Collected data entries
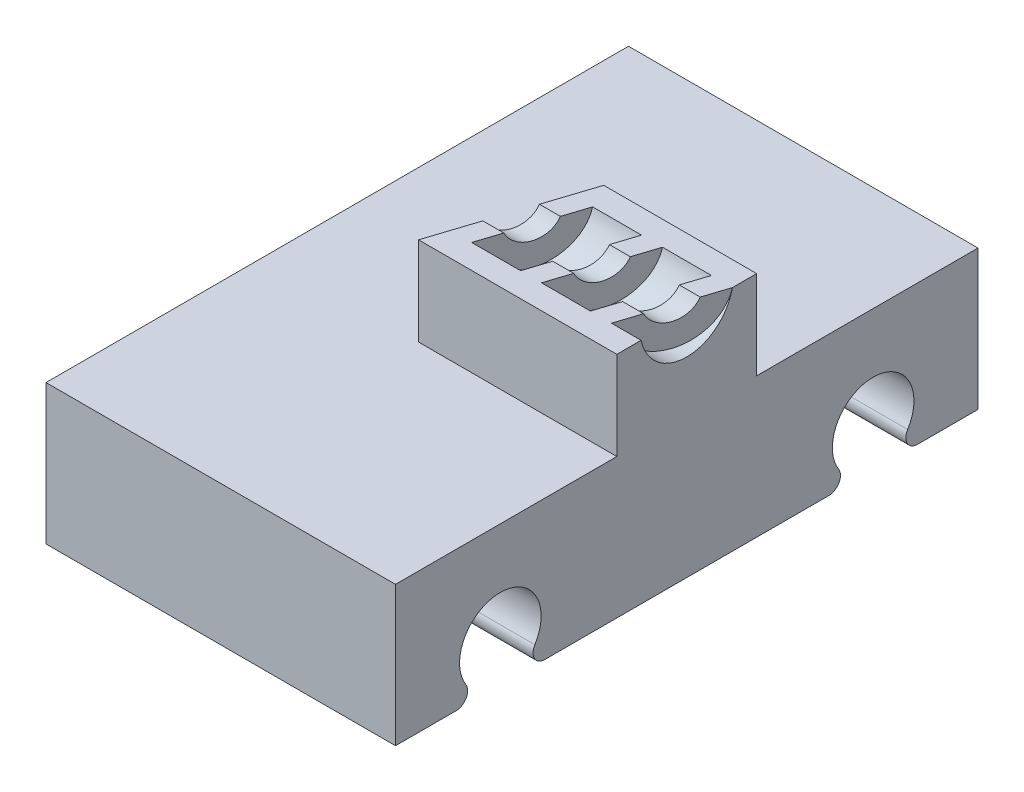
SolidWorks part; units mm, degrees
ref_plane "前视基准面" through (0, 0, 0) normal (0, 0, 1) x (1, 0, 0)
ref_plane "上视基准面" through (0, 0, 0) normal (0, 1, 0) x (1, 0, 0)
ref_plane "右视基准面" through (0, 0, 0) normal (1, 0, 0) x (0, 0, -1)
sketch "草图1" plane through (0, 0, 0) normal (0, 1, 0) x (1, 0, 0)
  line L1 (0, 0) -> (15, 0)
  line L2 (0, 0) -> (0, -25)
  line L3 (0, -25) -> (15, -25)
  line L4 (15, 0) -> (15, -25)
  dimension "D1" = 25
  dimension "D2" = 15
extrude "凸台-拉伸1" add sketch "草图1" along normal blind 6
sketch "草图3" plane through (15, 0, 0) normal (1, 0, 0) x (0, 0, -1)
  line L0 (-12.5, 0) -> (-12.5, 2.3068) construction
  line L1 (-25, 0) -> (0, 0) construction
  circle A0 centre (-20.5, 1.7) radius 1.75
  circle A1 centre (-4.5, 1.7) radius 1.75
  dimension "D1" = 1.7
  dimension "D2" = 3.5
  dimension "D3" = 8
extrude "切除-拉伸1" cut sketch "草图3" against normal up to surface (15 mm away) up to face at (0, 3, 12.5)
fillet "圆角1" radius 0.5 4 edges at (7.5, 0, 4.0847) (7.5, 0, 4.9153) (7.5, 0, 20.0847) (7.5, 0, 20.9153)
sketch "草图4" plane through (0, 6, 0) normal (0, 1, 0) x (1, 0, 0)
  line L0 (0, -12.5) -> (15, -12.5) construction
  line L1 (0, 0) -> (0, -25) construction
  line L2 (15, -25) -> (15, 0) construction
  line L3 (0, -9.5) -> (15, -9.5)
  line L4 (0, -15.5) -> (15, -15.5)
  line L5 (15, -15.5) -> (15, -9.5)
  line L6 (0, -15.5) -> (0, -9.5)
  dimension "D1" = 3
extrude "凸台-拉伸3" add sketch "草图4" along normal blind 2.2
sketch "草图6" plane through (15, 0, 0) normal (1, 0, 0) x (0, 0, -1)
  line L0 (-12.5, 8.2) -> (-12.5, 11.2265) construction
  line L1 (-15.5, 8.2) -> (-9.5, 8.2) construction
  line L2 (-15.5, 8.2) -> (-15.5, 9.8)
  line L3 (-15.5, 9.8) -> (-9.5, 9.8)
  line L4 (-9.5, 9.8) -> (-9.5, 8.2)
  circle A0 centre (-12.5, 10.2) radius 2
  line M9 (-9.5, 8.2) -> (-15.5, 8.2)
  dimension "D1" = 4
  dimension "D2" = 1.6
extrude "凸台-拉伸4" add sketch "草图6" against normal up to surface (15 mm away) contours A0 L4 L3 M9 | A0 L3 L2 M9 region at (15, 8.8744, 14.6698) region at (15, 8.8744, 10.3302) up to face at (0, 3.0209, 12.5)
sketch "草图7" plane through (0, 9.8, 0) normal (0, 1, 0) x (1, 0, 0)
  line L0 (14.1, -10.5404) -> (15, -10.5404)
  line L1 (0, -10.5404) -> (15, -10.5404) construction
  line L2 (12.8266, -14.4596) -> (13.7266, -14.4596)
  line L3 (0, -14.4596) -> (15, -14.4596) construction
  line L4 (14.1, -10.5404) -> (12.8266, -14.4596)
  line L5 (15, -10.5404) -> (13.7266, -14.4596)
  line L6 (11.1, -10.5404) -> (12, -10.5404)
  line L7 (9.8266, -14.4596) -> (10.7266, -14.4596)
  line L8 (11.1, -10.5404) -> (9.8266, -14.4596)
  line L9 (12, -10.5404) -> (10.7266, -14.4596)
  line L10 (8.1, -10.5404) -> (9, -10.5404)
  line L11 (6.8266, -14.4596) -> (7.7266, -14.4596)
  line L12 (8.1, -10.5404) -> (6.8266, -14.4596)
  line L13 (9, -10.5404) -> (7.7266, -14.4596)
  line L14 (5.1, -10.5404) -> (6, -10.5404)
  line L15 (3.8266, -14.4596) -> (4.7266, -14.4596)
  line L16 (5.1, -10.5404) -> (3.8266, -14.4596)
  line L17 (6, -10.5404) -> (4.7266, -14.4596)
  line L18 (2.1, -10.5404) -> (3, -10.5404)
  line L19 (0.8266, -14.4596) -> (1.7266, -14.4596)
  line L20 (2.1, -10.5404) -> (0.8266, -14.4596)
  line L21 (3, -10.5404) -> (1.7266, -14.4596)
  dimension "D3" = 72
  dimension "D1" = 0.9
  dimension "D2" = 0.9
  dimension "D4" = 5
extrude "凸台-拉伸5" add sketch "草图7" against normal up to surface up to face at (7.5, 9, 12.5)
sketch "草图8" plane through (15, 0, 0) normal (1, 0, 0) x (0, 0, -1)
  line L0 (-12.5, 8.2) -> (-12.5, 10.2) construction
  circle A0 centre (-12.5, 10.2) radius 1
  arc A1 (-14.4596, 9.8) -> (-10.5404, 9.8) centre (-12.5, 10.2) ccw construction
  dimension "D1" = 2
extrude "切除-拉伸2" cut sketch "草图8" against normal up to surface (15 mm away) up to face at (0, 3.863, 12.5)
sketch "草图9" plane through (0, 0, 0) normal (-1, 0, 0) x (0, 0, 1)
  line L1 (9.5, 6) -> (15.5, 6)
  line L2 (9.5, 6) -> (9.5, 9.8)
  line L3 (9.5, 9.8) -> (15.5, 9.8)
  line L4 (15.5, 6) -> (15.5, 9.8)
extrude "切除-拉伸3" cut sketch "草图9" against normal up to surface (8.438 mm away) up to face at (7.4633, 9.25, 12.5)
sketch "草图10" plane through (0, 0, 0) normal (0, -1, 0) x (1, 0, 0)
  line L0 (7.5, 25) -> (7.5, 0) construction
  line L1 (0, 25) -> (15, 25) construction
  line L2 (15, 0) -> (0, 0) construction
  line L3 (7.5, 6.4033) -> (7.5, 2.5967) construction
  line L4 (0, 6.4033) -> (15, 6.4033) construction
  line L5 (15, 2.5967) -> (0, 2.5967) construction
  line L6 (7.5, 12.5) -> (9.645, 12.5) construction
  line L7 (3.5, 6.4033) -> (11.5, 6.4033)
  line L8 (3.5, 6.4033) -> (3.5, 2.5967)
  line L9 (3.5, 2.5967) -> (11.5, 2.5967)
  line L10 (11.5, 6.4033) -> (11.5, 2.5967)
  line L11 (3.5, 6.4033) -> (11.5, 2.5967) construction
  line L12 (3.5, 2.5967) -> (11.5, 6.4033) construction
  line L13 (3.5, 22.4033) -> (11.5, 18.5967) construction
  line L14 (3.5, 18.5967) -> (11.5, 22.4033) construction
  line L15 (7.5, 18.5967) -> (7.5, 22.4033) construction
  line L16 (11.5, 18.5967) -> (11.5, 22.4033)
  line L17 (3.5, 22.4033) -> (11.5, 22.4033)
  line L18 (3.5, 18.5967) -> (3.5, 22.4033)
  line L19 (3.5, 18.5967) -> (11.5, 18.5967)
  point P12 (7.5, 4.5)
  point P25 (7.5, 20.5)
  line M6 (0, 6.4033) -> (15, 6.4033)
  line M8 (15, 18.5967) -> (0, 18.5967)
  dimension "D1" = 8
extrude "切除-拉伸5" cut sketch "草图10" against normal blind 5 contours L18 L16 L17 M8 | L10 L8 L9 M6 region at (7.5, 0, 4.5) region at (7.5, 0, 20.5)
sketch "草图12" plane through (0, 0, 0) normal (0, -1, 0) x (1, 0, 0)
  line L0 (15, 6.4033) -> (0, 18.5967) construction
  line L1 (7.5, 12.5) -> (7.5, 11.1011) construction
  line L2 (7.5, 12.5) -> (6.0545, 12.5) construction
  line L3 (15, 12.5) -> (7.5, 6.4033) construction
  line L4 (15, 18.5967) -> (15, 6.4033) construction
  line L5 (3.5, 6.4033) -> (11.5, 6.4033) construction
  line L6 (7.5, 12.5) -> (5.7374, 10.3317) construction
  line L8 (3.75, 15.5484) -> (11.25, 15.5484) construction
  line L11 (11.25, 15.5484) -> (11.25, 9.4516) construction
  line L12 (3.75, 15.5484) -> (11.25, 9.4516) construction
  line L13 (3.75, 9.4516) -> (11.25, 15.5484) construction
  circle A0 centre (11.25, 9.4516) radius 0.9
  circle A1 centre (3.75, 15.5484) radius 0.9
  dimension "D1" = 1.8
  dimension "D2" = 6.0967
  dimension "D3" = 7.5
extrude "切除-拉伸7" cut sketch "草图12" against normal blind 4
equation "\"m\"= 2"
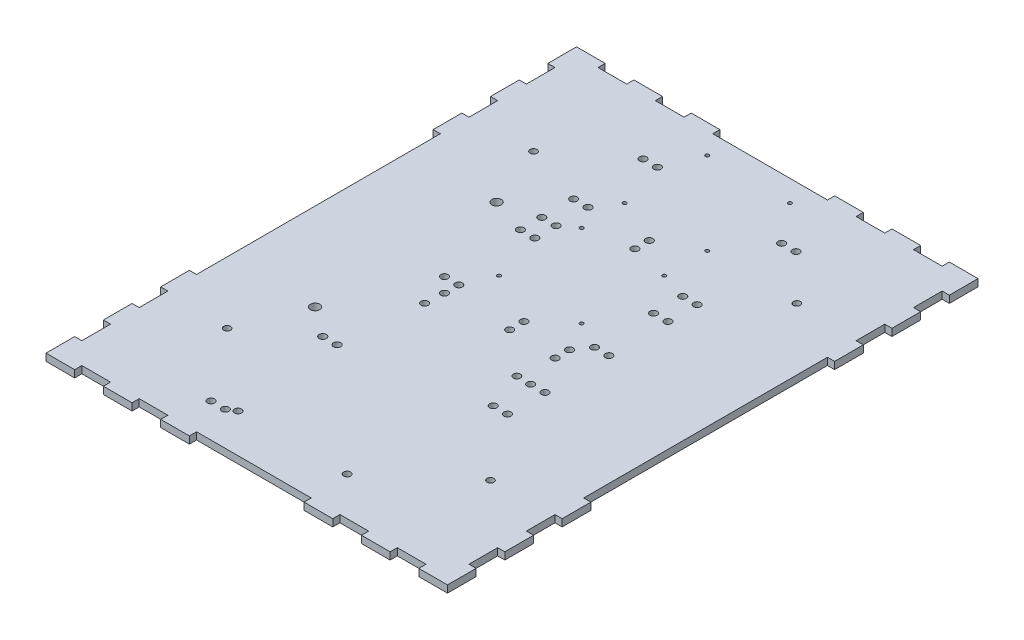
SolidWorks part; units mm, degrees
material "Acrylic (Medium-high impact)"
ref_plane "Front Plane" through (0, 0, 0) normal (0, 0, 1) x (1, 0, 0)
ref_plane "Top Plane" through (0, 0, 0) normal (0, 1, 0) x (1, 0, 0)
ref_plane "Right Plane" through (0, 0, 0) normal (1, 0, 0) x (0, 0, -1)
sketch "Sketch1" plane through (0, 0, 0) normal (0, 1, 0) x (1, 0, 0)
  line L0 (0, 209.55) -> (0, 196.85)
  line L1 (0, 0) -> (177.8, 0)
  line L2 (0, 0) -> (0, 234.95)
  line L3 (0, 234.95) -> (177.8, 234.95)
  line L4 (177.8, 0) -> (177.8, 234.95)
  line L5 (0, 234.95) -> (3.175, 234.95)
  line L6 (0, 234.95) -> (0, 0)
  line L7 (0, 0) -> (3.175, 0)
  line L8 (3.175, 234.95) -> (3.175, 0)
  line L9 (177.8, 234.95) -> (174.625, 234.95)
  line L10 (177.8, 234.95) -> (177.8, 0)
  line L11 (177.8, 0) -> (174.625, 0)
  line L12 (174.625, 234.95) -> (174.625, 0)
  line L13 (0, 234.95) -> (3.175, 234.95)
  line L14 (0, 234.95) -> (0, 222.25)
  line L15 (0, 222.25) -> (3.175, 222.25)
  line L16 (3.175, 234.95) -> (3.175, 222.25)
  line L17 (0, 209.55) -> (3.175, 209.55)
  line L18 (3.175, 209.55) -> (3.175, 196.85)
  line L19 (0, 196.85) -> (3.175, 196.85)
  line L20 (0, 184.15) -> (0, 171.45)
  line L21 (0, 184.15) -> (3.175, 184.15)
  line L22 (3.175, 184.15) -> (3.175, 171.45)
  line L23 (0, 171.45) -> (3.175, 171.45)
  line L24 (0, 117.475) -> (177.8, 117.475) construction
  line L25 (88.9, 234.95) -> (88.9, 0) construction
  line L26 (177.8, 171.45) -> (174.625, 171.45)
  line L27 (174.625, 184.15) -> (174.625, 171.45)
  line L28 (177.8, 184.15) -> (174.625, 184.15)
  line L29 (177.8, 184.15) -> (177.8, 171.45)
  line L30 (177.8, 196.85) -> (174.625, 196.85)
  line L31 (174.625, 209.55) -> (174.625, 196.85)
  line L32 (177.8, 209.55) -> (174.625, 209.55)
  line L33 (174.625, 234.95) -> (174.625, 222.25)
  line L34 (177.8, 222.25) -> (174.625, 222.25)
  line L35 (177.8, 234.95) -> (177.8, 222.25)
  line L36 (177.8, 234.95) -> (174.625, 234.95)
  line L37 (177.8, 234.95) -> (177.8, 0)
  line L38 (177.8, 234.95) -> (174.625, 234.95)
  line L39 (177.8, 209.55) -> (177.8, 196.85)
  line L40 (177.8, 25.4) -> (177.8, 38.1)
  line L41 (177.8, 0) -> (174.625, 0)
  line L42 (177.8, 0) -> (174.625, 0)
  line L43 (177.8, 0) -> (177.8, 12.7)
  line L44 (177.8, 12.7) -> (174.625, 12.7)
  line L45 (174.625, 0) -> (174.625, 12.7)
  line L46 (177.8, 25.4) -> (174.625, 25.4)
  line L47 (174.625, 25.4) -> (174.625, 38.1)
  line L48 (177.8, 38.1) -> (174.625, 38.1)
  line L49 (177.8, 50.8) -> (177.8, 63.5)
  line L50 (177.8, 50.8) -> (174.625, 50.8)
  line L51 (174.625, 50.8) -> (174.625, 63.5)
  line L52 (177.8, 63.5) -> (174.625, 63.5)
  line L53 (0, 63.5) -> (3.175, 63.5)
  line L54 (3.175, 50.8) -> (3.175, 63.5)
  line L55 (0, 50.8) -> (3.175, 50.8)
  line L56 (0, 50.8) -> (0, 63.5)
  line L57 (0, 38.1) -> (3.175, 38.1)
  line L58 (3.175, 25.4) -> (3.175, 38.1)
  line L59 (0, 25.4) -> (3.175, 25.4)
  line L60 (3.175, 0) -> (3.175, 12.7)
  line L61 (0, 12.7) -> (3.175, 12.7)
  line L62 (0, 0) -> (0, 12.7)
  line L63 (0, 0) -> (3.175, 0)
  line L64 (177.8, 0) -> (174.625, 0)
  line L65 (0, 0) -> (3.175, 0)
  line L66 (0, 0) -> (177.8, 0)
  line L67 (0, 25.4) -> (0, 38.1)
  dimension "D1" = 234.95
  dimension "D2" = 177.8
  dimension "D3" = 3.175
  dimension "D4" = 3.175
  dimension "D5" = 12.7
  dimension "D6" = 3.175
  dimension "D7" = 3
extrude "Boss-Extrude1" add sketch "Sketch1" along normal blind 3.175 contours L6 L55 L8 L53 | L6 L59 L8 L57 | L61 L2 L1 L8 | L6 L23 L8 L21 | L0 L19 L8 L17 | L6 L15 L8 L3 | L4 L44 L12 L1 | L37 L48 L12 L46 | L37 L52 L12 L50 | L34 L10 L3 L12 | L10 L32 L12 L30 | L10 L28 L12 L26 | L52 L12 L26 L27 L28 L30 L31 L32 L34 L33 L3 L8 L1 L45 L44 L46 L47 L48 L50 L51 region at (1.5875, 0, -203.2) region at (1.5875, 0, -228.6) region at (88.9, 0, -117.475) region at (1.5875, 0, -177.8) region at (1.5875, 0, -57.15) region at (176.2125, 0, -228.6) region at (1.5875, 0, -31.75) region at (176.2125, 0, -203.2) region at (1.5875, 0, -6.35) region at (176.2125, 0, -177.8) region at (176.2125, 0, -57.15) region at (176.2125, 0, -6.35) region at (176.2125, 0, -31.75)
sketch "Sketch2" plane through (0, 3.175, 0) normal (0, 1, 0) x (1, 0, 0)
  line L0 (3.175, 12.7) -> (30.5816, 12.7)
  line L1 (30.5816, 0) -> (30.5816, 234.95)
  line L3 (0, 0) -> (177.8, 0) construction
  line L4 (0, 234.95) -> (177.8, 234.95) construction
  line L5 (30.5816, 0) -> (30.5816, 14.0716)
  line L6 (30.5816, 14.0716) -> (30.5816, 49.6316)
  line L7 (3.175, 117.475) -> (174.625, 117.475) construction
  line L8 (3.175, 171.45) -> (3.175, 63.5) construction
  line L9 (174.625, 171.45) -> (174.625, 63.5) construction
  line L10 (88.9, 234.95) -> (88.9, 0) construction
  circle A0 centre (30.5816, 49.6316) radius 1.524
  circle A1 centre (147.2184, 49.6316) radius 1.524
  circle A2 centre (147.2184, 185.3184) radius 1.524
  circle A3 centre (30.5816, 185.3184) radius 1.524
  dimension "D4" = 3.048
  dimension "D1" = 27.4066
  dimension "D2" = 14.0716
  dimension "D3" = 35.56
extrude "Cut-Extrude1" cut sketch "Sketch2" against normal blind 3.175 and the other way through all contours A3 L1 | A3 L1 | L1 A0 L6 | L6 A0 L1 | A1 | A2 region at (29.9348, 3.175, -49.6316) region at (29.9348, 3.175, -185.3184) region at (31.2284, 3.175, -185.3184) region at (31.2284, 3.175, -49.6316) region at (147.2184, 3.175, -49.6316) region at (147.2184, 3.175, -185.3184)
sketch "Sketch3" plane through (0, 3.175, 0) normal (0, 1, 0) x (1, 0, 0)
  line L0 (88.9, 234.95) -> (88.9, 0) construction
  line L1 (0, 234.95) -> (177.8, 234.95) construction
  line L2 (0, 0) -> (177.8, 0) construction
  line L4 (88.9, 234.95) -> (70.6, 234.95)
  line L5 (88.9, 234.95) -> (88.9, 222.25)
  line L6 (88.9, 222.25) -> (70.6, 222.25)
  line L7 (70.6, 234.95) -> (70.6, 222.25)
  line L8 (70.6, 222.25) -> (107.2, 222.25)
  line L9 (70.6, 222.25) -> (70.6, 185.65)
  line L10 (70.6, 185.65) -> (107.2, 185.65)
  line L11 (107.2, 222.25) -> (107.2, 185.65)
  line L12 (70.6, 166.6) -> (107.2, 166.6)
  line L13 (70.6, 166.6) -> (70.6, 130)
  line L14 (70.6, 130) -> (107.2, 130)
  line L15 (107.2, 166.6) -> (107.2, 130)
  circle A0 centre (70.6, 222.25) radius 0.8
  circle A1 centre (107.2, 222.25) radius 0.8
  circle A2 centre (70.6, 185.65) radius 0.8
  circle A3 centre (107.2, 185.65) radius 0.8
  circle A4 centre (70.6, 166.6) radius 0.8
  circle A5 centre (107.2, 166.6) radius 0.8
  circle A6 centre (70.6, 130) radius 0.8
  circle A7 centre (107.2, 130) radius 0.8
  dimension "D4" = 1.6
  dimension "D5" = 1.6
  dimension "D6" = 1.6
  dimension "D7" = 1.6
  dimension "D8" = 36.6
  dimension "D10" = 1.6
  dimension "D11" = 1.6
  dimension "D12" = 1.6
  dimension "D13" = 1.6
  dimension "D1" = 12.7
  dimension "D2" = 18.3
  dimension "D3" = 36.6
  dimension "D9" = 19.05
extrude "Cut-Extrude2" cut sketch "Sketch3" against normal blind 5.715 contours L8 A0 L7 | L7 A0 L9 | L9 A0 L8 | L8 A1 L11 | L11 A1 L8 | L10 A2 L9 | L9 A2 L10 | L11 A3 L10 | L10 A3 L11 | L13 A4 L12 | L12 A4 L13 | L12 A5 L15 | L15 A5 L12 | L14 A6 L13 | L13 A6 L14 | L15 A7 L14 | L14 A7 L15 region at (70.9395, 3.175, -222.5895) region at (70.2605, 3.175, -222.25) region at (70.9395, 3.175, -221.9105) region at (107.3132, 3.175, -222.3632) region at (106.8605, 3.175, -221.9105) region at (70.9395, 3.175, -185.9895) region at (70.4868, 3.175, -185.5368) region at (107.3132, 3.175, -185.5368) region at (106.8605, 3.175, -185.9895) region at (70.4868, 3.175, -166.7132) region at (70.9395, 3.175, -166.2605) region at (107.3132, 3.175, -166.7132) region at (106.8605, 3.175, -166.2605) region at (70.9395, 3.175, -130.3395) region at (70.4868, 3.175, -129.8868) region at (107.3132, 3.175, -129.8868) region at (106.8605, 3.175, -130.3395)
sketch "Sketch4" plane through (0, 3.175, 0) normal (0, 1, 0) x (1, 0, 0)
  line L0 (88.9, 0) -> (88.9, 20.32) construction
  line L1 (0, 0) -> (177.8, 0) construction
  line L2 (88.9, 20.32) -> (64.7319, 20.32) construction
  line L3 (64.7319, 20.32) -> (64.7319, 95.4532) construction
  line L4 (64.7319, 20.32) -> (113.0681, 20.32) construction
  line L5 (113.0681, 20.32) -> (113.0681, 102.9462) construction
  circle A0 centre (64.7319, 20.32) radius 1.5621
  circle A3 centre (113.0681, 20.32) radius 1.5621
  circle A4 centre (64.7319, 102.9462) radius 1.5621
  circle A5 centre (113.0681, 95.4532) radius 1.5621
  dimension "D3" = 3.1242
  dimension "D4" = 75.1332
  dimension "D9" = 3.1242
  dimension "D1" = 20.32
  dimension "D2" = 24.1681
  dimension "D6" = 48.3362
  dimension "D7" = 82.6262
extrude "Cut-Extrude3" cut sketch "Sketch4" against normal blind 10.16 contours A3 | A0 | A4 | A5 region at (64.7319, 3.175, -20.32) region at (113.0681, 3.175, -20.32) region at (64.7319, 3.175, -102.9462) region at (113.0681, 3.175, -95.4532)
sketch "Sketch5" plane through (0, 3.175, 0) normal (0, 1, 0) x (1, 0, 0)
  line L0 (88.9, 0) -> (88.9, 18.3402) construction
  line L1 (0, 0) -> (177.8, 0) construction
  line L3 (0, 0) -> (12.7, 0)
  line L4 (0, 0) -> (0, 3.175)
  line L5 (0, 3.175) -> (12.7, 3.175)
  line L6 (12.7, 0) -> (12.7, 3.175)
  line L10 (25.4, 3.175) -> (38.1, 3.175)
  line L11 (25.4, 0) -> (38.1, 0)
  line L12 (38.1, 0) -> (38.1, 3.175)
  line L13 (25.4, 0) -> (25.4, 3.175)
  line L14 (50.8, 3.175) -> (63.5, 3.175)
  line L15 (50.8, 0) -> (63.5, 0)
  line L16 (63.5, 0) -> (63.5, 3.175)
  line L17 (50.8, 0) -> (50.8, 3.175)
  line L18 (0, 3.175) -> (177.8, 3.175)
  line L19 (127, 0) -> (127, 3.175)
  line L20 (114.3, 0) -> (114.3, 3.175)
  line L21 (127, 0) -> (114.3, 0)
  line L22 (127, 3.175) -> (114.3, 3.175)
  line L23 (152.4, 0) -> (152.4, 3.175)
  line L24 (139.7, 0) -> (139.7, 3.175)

What you need to do: From the records above, transcribe exactly the run of lines that opens with the line holding "line L11 (6.8266, -14.4596)" and closes with the line holding "(7.5, 9, 12.5)", both included.

Output of the exercise:
  line L11 (6.8266, -14.4596) -> (7.7266, -14.4596)
  line L12 (8.1, -10.5404) -> (6.8266, -14.4596)
  line L13 (9, -10.5404) -> (7.7266, -14.4596)
  line L14 (5.1, -10.5404) -> (6, -10.5404)
  line L15 (3.8266, -14.4596) -> (4.7266, -14.4596)
  line L16 (5.1, -10.5404) -> (3.8266, -14.4596)
  line L17 (6, -10.5404) -> (4.7266, -14.4596)
  line L18 (2.1, -10.5404) -> (3, -10.5404)
  line L19 (0.8266, -14.4596) -> (1.7266, -14.4596)
  line L20 (2.1, -10.5404) -> (0.8266, -14.4596)
  line L21 (3, -10.5404) -> (1.7266, -14.4596)
  dimension "D3" = 72
  dimension "D1" = 0.9
  dimension "D2" = 0.9
  dimension "D4" = 5
extrude "凸台-拉伸5" add sketch "草图7" against normal up to surface up to face at (7.5, 9, 12.5)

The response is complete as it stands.